PROVIDED ENTRIES
·····
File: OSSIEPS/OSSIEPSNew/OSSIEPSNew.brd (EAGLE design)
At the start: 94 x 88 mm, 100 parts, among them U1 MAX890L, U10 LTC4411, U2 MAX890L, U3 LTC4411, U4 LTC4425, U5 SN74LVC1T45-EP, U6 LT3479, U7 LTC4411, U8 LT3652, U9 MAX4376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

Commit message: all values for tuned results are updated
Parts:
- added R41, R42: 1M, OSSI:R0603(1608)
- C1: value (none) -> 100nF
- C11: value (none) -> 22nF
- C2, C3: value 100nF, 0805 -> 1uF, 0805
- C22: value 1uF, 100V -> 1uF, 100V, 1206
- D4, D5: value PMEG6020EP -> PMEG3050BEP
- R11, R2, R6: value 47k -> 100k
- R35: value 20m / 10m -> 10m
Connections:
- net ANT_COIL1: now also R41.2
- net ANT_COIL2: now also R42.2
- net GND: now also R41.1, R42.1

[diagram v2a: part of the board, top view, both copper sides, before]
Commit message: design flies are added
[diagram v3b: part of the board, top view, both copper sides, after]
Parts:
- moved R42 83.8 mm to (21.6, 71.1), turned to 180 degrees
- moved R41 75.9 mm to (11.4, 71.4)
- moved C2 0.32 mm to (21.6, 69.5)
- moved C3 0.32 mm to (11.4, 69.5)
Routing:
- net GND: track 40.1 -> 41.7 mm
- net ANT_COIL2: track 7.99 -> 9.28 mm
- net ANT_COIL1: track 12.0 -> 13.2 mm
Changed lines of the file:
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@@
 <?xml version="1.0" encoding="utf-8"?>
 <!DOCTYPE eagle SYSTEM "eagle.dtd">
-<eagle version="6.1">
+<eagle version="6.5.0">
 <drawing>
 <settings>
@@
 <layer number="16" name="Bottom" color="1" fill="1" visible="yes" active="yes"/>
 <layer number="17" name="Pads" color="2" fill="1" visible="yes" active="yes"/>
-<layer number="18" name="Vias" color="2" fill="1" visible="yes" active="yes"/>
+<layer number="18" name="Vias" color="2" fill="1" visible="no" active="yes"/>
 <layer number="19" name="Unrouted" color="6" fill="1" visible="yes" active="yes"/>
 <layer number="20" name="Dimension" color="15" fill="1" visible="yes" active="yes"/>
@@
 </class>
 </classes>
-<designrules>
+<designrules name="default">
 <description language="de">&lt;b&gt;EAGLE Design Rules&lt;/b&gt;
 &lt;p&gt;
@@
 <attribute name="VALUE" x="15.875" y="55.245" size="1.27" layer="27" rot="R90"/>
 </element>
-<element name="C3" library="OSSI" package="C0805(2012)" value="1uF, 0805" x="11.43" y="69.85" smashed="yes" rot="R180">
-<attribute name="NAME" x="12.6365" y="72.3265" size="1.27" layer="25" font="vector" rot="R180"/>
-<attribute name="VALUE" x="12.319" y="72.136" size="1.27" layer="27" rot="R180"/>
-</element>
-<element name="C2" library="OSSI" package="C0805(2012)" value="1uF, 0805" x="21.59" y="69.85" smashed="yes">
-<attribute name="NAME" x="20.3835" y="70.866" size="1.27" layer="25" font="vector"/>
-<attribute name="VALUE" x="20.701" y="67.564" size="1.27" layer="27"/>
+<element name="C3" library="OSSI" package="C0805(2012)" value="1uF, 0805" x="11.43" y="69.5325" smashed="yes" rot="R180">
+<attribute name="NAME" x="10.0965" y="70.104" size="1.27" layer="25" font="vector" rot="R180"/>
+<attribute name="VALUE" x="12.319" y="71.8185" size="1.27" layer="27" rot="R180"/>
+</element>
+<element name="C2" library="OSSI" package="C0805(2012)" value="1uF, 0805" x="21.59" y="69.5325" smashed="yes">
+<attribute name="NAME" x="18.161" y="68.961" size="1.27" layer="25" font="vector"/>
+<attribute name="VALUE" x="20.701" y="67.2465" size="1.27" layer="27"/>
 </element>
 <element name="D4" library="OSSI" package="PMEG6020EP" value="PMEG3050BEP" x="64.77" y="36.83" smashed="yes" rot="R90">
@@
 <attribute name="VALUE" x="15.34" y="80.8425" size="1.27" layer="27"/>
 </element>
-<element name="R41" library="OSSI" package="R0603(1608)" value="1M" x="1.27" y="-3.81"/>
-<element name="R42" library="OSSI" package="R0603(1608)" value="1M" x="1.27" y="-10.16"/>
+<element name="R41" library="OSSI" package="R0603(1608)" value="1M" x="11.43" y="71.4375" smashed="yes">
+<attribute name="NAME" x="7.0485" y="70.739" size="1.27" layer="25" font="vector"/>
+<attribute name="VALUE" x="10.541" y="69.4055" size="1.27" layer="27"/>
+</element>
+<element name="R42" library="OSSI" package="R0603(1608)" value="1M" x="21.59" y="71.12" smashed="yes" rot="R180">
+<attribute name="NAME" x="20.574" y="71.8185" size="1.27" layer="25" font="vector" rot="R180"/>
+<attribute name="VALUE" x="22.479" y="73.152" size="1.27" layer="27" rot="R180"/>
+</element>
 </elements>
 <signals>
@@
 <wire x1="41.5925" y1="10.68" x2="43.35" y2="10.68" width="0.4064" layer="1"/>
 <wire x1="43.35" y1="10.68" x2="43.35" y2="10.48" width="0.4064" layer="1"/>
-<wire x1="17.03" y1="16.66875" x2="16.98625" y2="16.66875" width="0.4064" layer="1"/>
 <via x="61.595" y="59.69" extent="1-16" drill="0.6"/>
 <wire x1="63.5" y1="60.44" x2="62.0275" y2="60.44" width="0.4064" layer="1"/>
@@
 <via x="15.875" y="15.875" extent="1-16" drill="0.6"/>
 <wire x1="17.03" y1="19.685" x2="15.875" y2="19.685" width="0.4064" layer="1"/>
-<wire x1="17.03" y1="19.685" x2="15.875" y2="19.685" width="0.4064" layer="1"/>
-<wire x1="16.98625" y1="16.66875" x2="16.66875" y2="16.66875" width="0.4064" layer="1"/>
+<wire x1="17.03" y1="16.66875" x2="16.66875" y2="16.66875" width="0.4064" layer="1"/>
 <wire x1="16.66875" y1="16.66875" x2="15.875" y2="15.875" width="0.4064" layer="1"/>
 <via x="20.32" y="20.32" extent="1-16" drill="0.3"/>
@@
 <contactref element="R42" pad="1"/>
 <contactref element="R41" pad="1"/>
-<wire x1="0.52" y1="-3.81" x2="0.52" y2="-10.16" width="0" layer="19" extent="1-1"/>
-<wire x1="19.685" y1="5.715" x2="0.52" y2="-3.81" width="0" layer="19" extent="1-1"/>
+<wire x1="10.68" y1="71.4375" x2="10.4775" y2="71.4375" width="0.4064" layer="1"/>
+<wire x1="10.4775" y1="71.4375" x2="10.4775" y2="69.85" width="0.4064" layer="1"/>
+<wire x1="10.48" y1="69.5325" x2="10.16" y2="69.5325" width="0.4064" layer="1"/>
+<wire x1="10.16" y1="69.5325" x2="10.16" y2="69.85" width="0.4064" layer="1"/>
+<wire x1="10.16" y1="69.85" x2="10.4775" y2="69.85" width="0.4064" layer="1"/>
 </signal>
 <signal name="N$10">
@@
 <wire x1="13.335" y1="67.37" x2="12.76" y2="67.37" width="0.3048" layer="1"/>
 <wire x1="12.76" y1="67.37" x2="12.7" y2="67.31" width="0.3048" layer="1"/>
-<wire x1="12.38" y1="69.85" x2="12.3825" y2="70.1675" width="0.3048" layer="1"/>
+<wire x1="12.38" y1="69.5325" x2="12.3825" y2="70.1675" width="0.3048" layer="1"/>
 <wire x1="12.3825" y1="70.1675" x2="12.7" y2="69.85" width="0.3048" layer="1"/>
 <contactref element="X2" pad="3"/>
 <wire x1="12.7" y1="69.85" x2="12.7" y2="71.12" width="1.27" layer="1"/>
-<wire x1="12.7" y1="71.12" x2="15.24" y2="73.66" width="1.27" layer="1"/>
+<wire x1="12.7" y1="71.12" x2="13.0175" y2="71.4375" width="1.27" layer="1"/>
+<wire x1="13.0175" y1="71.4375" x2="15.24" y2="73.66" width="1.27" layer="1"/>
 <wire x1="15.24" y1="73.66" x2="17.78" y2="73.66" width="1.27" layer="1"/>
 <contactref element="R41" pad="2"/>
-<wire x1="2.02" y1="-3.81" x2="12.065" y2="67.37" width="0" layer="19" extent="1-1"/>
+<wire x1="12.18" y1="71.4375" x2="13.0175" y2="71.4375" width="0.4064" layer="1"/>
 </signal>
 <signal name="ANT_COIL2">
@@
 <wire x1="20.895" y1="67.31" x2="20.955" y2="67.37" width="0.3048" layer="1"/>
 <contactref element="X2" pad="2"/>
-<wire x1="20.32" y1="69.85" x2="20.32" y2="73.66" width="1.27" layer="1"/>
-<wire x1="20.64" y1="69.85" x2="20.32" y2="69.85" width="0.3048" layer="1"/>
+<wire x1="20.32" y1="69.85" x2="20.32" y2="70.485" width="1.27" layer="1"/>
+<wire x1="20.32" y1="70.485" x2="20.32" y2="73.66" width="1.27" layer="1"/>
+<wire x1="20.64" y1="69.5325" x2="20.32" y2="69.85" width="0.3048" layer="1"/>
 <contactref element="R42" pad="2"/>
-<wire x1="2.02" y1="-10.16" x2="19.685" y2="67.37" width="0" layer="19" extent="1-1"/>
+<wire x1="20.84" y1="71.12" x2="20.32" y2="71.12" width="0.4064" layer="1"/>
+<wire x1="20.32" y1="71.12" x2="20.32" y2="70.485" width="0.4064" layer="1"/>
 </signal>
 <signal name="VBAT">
·····
Your answer should be each line from the entries that includes the string "view".

[diagram v2a: part of the board, top view, both copper sides, before]
[diagram v3b: part of the board, top view, both copper sides, after]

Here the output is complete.